文春オンラインで昨年に実施した「もう一度やりたい!プレステゲーム」アンケートで、トップは並みいる名作・傑作を押しのけて、「ファイナルファンタジー(FF)」になりました。ダウンロード版を含めると1987年の第1作発売から世界出荷1億5900万本以上を誇る大ヒットシリーズですが、実は企業存亡を賭けた“崖っぷち”から始まったのはご存じでしょうか。先鋭的な挑戦と逆転を続けた軌跡を振り返ります。
「ドラゴンクエストの対抗馬になるものは扱えない」
FFの誕生は、ファミコンに参入したスクウェア(当時、現スクウェア・エニックス)がなかなかヒット作を生み出せず、経営の苦しい「存亡の危機」に立たされていたところからはじまります。エニックスの人気ゲーム「ドラゴンクエスト」に注目したゲームクリエーターの坂口博信さんが、「最後に大きな夢を見よう」と残された資金と社内の開発陣を総動員してRPGの開発に着手。崖っぷちの土壇場で、まさしく「最後の夢(ファイナルファンタジー)」を抱き、力をふりしぼって生み出されたのが初代FFでした。

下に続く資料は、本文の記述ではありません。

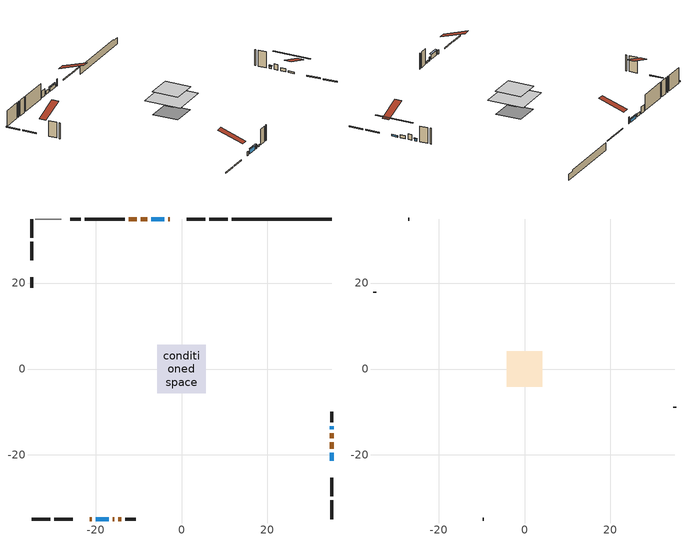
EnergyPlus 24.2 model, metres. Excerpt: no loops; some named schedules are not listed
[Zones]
conditioned space
 floor othersidecoefficients (Floor1 construction): -1.21,-1.21 -1.21,1.21 1.21,1.21 1.21,-1.21 z0.31
 floor adiabatic (AdiabaticFloorConstruction): -5.66,-5.66 -5.66,5.66 5.66,5.66 5.66,-5.66 z2.75
 floor foundation (Slab1 construction): -3.91,-3.91 -3.91,3.91 3.91,3.91 3.91,-3.91 z-1.98
 wall outside (RimJoist1 construction): 10.82,34.91 6.48,34.91 / -34.91,-34.91 -30.57,-34.91 / -34.91,34.91 -34.91,30.57 / 34.91,-34.91 34.91,-30.57 z0.31:0.61
 wall outside (RimJoist2 construction): 5.55,34.91 1.21,34.91 / -29.64,-34.91 -25.3,-34.91 / -34.91,29.64 -34.91,25.3 / 34.91,-29.64 34.91,-25.3 z0.31:0.61
 wall outside (AdiabaticWallConstruction): -4.04,34.91 -7.09,34.91 z0.31:1.38; -19.95,-34.91 -16.91,-34.91 z0.31:1.83; 34.91,-21.34 34.91,-19.51 z0.31:0.77; 34.91,-13.98 34.91,-13.37 z0.31:0.92
 wall outside (Wall2 construction): -23.48,34.91 -25.95,34.91 / -13.13,-34.91 -10.65,-34.91 / -34.91,21.34 -34.91,18.87 / 34.91,-12.44 34.91,-9.97 z0.31:5.19
 wall foundation (FoundationWall1 construction): 11.75,34.91,-1.98 11.75,34.91,0.31 32.6,34.91,0.31 32.6,34.91,-0.05 34.91,34.91,-0.05 34.91,34.91,-1.98
 wall othersidecoefficients (AdiabaticWallConstruction 1): -2.75,34.91 -3.11,34.91 z0.31:2.34
 wall othersidecoefficients (AdiabaticWallConstruction): -21.34,-34.91 -20.88,-34.91 / -15.98,-34.91 -15.59,-34.91 z0.31:1.53; 34.91,-18.58 34.91,-17.06 z0.31:1.23; 34.91,-16.13 34.91,-14.91 z0.31:1.99; -8.01,34.91 -9.54,34.91 z0.31:1.38; -10.47,34.91 -12.3,34.91 z0.31:2.44; -14.67,-34.91 -14.06,-34.91 z0.31:0.92
 wall othersidecoefficients (Wall1 construction): -13.23,34.91 -22.55,34.91 z0.31:5.19
 wall adiabatic (Wall4 construction): -28.03,34.91 -33.98,34.91 z0.31:5.19
 window (WindowConstruction 1): -4.04,34.91 -7.09,34.91 z0.31:1.38
 window (WindowConstruction 2): -19.95,-34.91 -16.91,-34.91 z0.31:1.83
 window (WindowConstruction 3): 34.91,-21.34 34.91,-19.51 z0.31:0.77
 window (WindowConstruction): 34.91,-13.98 34.91,-13.37 z0.31:0.92
 door inside (Door): -2.75,34.91 -3.11,34.91 z0.31:2.34
 door inside (Window 5): -21.34,-34.91 -20.88,-34.91 z0.31:1.53
 door inside (Window 6): -15.98,-34.91 -15.6,-34.91 z0.31:1.53
 door inside (Window): 34.91,-18.58 34.91,-17.06 z0.31:1.22
 door inside (Window 1): 34.91,-16.13 34.91,-14.91 z0.31:1.99
 door inside (Window 2): -8.02,34.91 -9.54,34.91 z0.31:1.38
 door inside (Window 3): -10.47,34.91 -12.3,34.91 z0.31:2.44
 door inside (Window 4): -14.67,-34.91 -14.06,-34.91 z0.31:0.92
 ceiling adiabatic (AdiabaticFloorConstruction): 5.66,-5.66 5.66,5.66 -5.66,5.66 -5.66,-5.66 z2.75
attic - vented
 floor to conditioned space (Floor2 construction Reversed): -4.09,-4.09 -4.09,4.09 4.09,4.09 4.09,-4.09 z5.19
 wall outside (Wall3 construction): -26.88,34.91 -27.1,34.91 / -9.73,-34.91 -9.5,-34.91 / -34.91,17.94 -34.91,17.71 / 34.91,-9.04 34.91,-8.81 z0.31:5.19
 roof outside (Roof1 construction): -1.82,34.91,5.19 -1.82,26.94,7.84 0.28,26.94,7.84 0.28,34.91,5.19; -22.27,-34.91,5.19 -22.27,-26.94,7.84 -24.37,-26.94,7.84 -24.37,-34.91,5.19; -34.91,22.27,5.19 -26.94,22.27,7.84 -26.94,24.37,7.84 -34.91,24.37,5.19; 34.91,-22.27,5.19 26.94,-22.27,7.84 26.94,-24.37,7.84 34.91,-24.37,5.19
shading: -7.29,34.91 -3.84,34.91 -3.84,35.32 -7.29,35.32 z1.58; -16.71,-34.91 -20.16,-34.91 -20.16,-35.32 -16.71,-35.32 z2.04; 34.91,-14.43 34.91,-26.42 35.32,-26.42 35.32,-14.43 z5.85; 34.91,-13.17 34.91,-14.18 35.32,-14.18 35.32,-13.17 z1.12
[Building]
Building 1: Terrain=Suburbs
[Site:Location]
Toronto City Centre_ON: Latitude {deg}=43.63; Longitude {deg}=-79.39; Time Zone {hr}=-5; Elevation {m}=77; Keep Site Location Information=Yes
[Site:GroundTemperature:Shallow]
5.01852, 3.26908, 3.12898, 3.95918, 7.29196, 10.6092, 13.4851, 15.3069, 15.4617, 13.9799, 11.1774, 7.9619
[Site:WaterMainsTemperature]
Calculation Method=Schedule; Temperature Schedule=mains temperature schedule
[Material] Roughness=Rough; Thermal Absorptance=0.9
Name | Thickness {m} | Conductivity {W/m-K} | Density {kg/m3} | Specific Heat {J/kg-K} | Solar Absorptance | Visible Absorptance
asphalt or fiberglass shingles | 0.00635 | 0.162714 | 1121.4 | 1465.45 | 0.4 | 0.4
ceiling loosefill ins | 0.0846667 | 0.0480833 | 16.02 | 1046.75 | 0.7 | 0.7
ceiling stud and cavity | 0.1397 | 0.102239 | 65.682 | 1177.47 | 0.7 | 0.7
concrete 4.0 in. | 0.1016 | 1.803125 | 2242.8 | 837.4 | 0.7 | 0.7
concrete 8.0 in. | 0.2032 | 1.803125 | 2242.8 | 837.4 | 0.7 | 0.7
door material | 0.04445 | 0.746041 | 512.64 | 1214.23 | 0.7 | 0.7
door material 1 | 0.04445 | 0.72309 | 512.64 | 1214.23 | 0.7 | 0.7
door material 2 | 0.04445 | 0.727956 | 512.64 | 1214.23 | 0.7 | 0.7
door material 3 | 0.04445 | 0.711738 | 512.64 | 1214.23 | 0.7 | 0.7
door material 4 | 0.04445 | 0.758936 | 512.64 | 1214.23 | 0.7 | 0.7
door material 5 | 0.04445 | 2.524375 | 512.64 | 1214.23 | 0.7 | 0.7
door material 6 | 0.04445 | 0.880494 | 512.64 | 1214.23 | 0.7 | 0.7
exterior vertical ins | 0.00200675 | 0.029427 | 32.04 | 1214.23 | 0.7 | 0.7
floor covering | 0.0127 | 0.0433444 | 54.468 | 1339.84 | 0.6 | 0.6
floor rigid ins | 0.051816 | 0.029427 | 32.04 | 1214.23 | 0.7 | 0.7
floor rigid ins 1; wall rigid ins | 0.512978 | 0.029427 | 32.04 | 1214.23 | 0.7 | 0.7
floor stud and cavity | 0.1397 | 0.836039 | 92.3553 | 1139.71 | 0.7 | 0.7
floor stud and cavity 1 | 0.1397 | 1.75129 | 37.0049 | 1207.88 | 0.7 | 0.7
furniture material conditioned space 1 | 0.1524 | 0.115458 | 640.8 | 1214.23 | 0.6 | 0.6
gypsum board | 0.0127 | 0.160291 | 801 | 837.4 | 0.6 | 0.6
gypsum board 1 | 0.0127 | 0.160291 | 801 | 837.4 | 0.7 | 0.7
osb sheathing 0.5 in. | 0.0127 | 0.115458 | 512.64 | 1214.23 | 0.4 | 0.4
osb sheathing 0.5 in. 1 | 0.0127 | 0.115458 | 512.64 | 1214.23 | 0.7 | 0.7
osb sheathing 0.75 in. | 0.01905 | 0.115458 | 512.64 | 1214.23 | 0.7 | 0.7
osb sheathing 2.0 in. | 0.0508 | 0.115458 | 512.64 | 1214.23 | 0.7 | 0.7
rim joist stud and cavity | 0.0508 | 0.0380316 | 125.044 | 1163.47 | 0.6 | 0.6
rim joist stud and cavity 1 | 0.0508 | 0.0377331 | 125.044 | 1163.47 | 0.6 | 0.6
wall stud and cavity | 0.1397 | 0.0760276 | 139.0536 | 1170.24 | 0.7 | 0.7
wall stud and cavity 1 | 0.1397 | 0.0834262 | 139.0536 | 1170.24 | 0.7 | 0.7
wall stud and cavity 2 | 0.0889 | 6.9971 | 50.32683 | 1063.81 | 0.6 | 0.6
wall stud and cavity 3 | 0.0889 | 0.380278 | 52.3479 | 1209.89 | 0.7 | 0.7
wall stud and cavity 4 | 0.0889 | 0.391764 | 83.0341 | 1211.67 | 0.7 | 0.7
wood siding | 0.0254 | 0.102417 | 544.68 | 1172.36 | 0.4 | 0.4
wood siding 1 | 0.00254 | 0.102417 | 544.68 | 1172.36 | 0.4 | 0.4
wood siding 2; wood siding 3; wood siding 4 | 0.0254 | 0.102417 | 544.68 | 1172.36 | 0.7 | 0.7
[WindowMaterial:SimpleGlazingSystem]
Name | U-Factor {W/m2-K} | Solar Heat Gain Coefficient
WindowMaterial | 3.35456 | 0.58
WindowMaterial 1 | 3.32674 | 0.67
WindowMaterial 2 | 3.31993 | 0.68
WindowMaterial 3 | 3.3591 | 0.58
[Construction]
AdiabaticFloorConstruction: floor stud and cavity 1, floor rigid ins 1, osb sheathing 0.75 in., floor covering
AdiabaticWallConstruction: wood siding 3, wall rigid ins, wall stud and cavity 3, gypsum board
AdiabaticWallConstruction 1: wood siding 4, wall rigid ins, wall stud and cavity 3, gypsum board
Door: door material 6
Floor1 construction: floor stud and cavity, floor rigid ins, osb sheathing 0.75 in., floor covering
Floor2 construction Reversed: gypsum board, ceiling stud and cavity, ceiling loosefill ins
FoundationWall1 construction: concrete 8.0 in., gypsum board 1
furniture construction conditioned space 1: furniture material conditioned space 1
PartitionWallConstruction: gypsum board, wall stud and cavity 4, gypsum board
RimJoist1 construction: wood siding 2, osb sheathing 2.0 in., rim joist stud and cavity
RimJoist2 construction: wood siding 2, osb sheathing 2.0 in., rim joist stud and cavity 1
Roof1 construction: asphalt or fiberglass shingles
Slab1 construction: concrete 4.0 in.
Wall1 construction; Wall4 construction: osb sheathing 0.5 in., wall stud and cavity, gypsum board
Wall2 construction: wood siding, osb sheathing 0.5 in. 1, wall stud and cavity 1, gypsum board
Wall3 construction: wood siding 1, wall stud and cavity 2
Window: door material
Window 1: door material 1
Window 2: door material 2
Window 3: door material 3
Window 4: door material 4
Window 5; Window 6: door material 5
WindowConstruction: WindowMaterial
WindowConstruction 1: WindowMaterial 1
WindowConstruction 2: WindowMaterial 2
WindowConstruction 3: WindowMaterial 3
[Zone] Multiplier=1; Part of Total Floor Area=Yes
Name | Volume {m3}
attic - vented | 28.9236
conditioned space | 489.6
[Space]
Name | Zone | Volume {m3}
attic - vented 1 | attic - vented | 28.9236
conditioned space 1 | conditioned space | 489.6
[ZoneInfiltration:EffectiveLeakageArea]
infil attic - vented 1: Zone or Space=attic - vented 1; Schedule=Always On Discrete; Effective Air Leakage Area {cm2}=2822.32; Stack Coefficient=0.000523965; Wind Coefficient=1.54658e-05
[ZoneMixing]
whole house fan mix: Zone or Space=attic - vented; Schedule=Always On Continuous; Design Flow Rate Calculation Method=Flow/Zone; Design Flow Rate {m3/s}=0; Source Zone or Space=conditioned space
[SurfaceProperty:OtherSideCoefficients]
other non-freezing space: Combined Convective/Radiative Film Coefficient {W/m2-K}=8.35; Constant Temperature Coefficient=1; External Dry-Bulb Temperature Coefficient=0; Ground Temperature Coefficient=0; Wind Speed Coefficient=0; Zone Air Temperature Coefficient=0; Constant Temperature Schedule=other non-freezing space; Previous Other Side Temperature Coefficient=0
[SurfaceProperty:ExposedFoundationPerimeter]
Slab1: Exposed Perimeter Calculation Method=TotalExposedPerimeter; Total Exposed Perimeter {m}=23.165
[InternalMass] Zone or ZoneList=conditioned space; Space or SpaceList=conditioned space 1
Name | Construction | Surface Area {m2}
furniture mass conditioned space 1 | furniture construction conditioned space 1 | 78.0958
partition wall mass | PartitionWallConstruction | 195.24
[Lights]
interior lighting: Zone or ZoneList or Space or SpaceList=conditioned space 1; Schedule=interior lighting schedule; Design Level Calculation Method=LightingLevel; Lighting Level {W}=343.2; Return Air Fraction=0; Fraction Radiant=0.6; Fraction Visible=0.2; Fraction Replaceable=1
[People]
occupants: Zone or ZoneList or Space or SpaceList=conditioned space 1; Number of People Schedule=occupants schedule; Number of People Calculation Method=People; Number of People=3; Fraction Radiant=0.314171; Sensible Heat Fraction=0.56303; Activity Level Schedule=occupants activity schedule; Carbon Dioxide Generation Rate {m3/s-W}=0; Enable ASHRAE 55 Comfort Warnings=No; Mean Radiant Temperature Calculation Type=EnclosureAveraged
[ElectricEquipment] Zone or ZoneList or Space or SpaceList=conditioned space 1; Design Level Calculation Method=EquipmentLevel
Name | Schedule | Design Level {W} | Fraction Latent | Fraction Radiant | Fraction Lost
clothes dryer | clothes dryer schedule | 140.772 | 0.015 | 0.081 | 0.85
clothes washer | clothes washer schedule | 32.1985 | 0.03 | 0.162 | 0.7
cooking range | cooking range schedule | 208.969 | 0.08 | 0.432 | 0.2
dishwasher | dishwasher schedule | 66.8632 | 0.3 | 0.18 | 0.4
fridge | fridge schedule | 72.9452 | 0 | 0.6 | 0
mech vent bath fan 0 | mech vent bath fan 0 schedule | 50.2 | 0 | 0 | 1
mech vent house fan | mech vent house fan schedule | 0 | 0 | 0 | 1
mech vent house fan cfis | mech vent house fan cfis schedule | 0 | 0 | 0 | 0
mech vent range fan 0 | mech vent range fan 0 schedule | 57 | 0 | 0 | 1
misc plug loads | misc plug loads schedule | 494.7 | 0.045 | 0.513 | 0.1
whole house fan | Always On Discrete | 0 | 0 | 0 | 1
[OtherEquipment] Zone or ZoneList or Space or SpaceList=conditioned space 1; Design Level Calculation Method=EquipmentLevel
Name | Fuel Type | Schedule | Design Level {W} | Fraction Latent | Fraction Radiant | Fraction Lost
clothes dryer 1 | Electricity | clothes dryer schedule | 0 | 0.015 | 0.081 | 0.85
cooking range 1 | Electricity | cooking range schedule | 0 | 0.08 | 0.432 | 0.2
general water use latent | None | general water use schedule | 59.3978 | 1 | 0 | 0
general water use sensible | None | general water use schedule | -58.539 | 0 | 0.6 | 0
mech vent house fan latent load | None | Always On Discrete | 0 | 1 | 0 | 0
mech vent house fan sensible load | None | Always On Discrete | 0 | 0 | 0 | 0
water heater energy adjustment1 | NaturalGas | Always On Discrete | 0.01 | 0 | 0 | 1
[ZoneInfiltration:DesignFlowRate] Zone or ZoneList or Space or SpaceList=conditioned space 1; Schedule=Always On Discrete; Design Flow Rate Calculation Method=Flow/Zone; Design Flow Rate {m3/s}=0
infil flow; natural vent flow; whole house fan flow
[AvailabilityManager:Scheduled]
central ac and furnace airloop Availability Manager: Schedule=Always On Discrete
[Foundation:Kiva]
Foundation Kiva 1: Initial Indoor Air Temperature {C}=18; Wall Height Above Grade {m}=0.309982; Wall Depth Below Slab {m}=0.2032; Custom Block Material Name 1=exterior vertical ins; Custom Block Depth 1 {m}=2.28999; Custom Block X Position 1 {m}=0.2159; Custom Block Z Position 1 {m}=0
[Foundation:Kiva:Settings]
Soil Conductivity {W/m-K}=0.849921; Soil Density {kg/m3}=1842.3; Soil Specific Heat {J/kg-K}=418.7; Ground Solar Absorptivity=0.9; Ground Thermal Absorptivity=0.9; Ground Surface Roughness {m}=0.03; Far-Field Width {m}=40; Deep-Ground Boundary Condition=ZeroFlux; Deep-Ground Depth {m}=40; Minimum Cell Dimension {m}=0.2; Maximum Cell Growth Coefficient=3; Simulation Timestep=Timestep
[Exterior:Lights]
exterior lighting: Schedule=exterior lighting schedule; Design Level {W}=75.6
[EnergyManagementSystem:GlobalVariable]
central_ac_and_furnace_airloop_Fan_RTF
infil_program_Qfan
infil_program_Qinf
natural_vent_program_Qnv
natural_vent_program_Qwhf
[EnergyManagementSystem:Sensor]
Name | Output:Variable or Output:Meter Index Key | Output:Variable or Output:Meter
airflow_gain | infil flow | Infiltration Sensible Heat Gain Energy
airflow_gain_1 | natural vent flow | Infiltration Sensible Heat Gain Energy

当初は、情報を掲載してもらうため雑誌社に行っても「ドラゴンクエストの対抗馬になるものは扱えない」と門前払いをされるなど、苦労もあったといいます。しかし、市場は「面白いもの」「良いもの」を放っておきませんでした。
初代FFは、「ゲームは子供のもの」と思われがちな中で、イラストレーターの天野喜孝さんを起用し、クールでスタイリッシュな作風に仕上げました。ゲームの序盤を終えてからオープニングが立ち上がるなど演出面でサプライズがあり、天才プログラマーの手でありえないハイスピードで動く「飛空艇」を登場させて、ゲームファンの度胆を抜きました。初代FFは50万本のヒット作となり、シリーズの快進撃は始まります。
進化を続け日本を代表する大作ゲームに
FFシリーズといえば、常に挑戦をすることでも知られています。RPGではキャラクターが敵を倒して経験値を貯めてレベルアップをして強くなるのが定番です。FF2では、レベル制ではなく、武器や魔法の使用、戦闘中の行動で能力がアップするシステムにしました。FF3では、その後のシリーズでおなじみになったナイトや黒魔道士など好きなタイプの“職業(ジョブ)”が選べるシステムを導入。自由度の高さもあり、さらに人気となりました。
その後も快進撃は続きます。三角関係と裏切りという大人の物語を描いたFF4。ドット画のCGの美しさを極め、オペラの演出を取り込んだFF6。このころにはシリーズの新作を出せば、確実に200万本以上の売り上げが見込める、日本を代表するゲームに成長しました。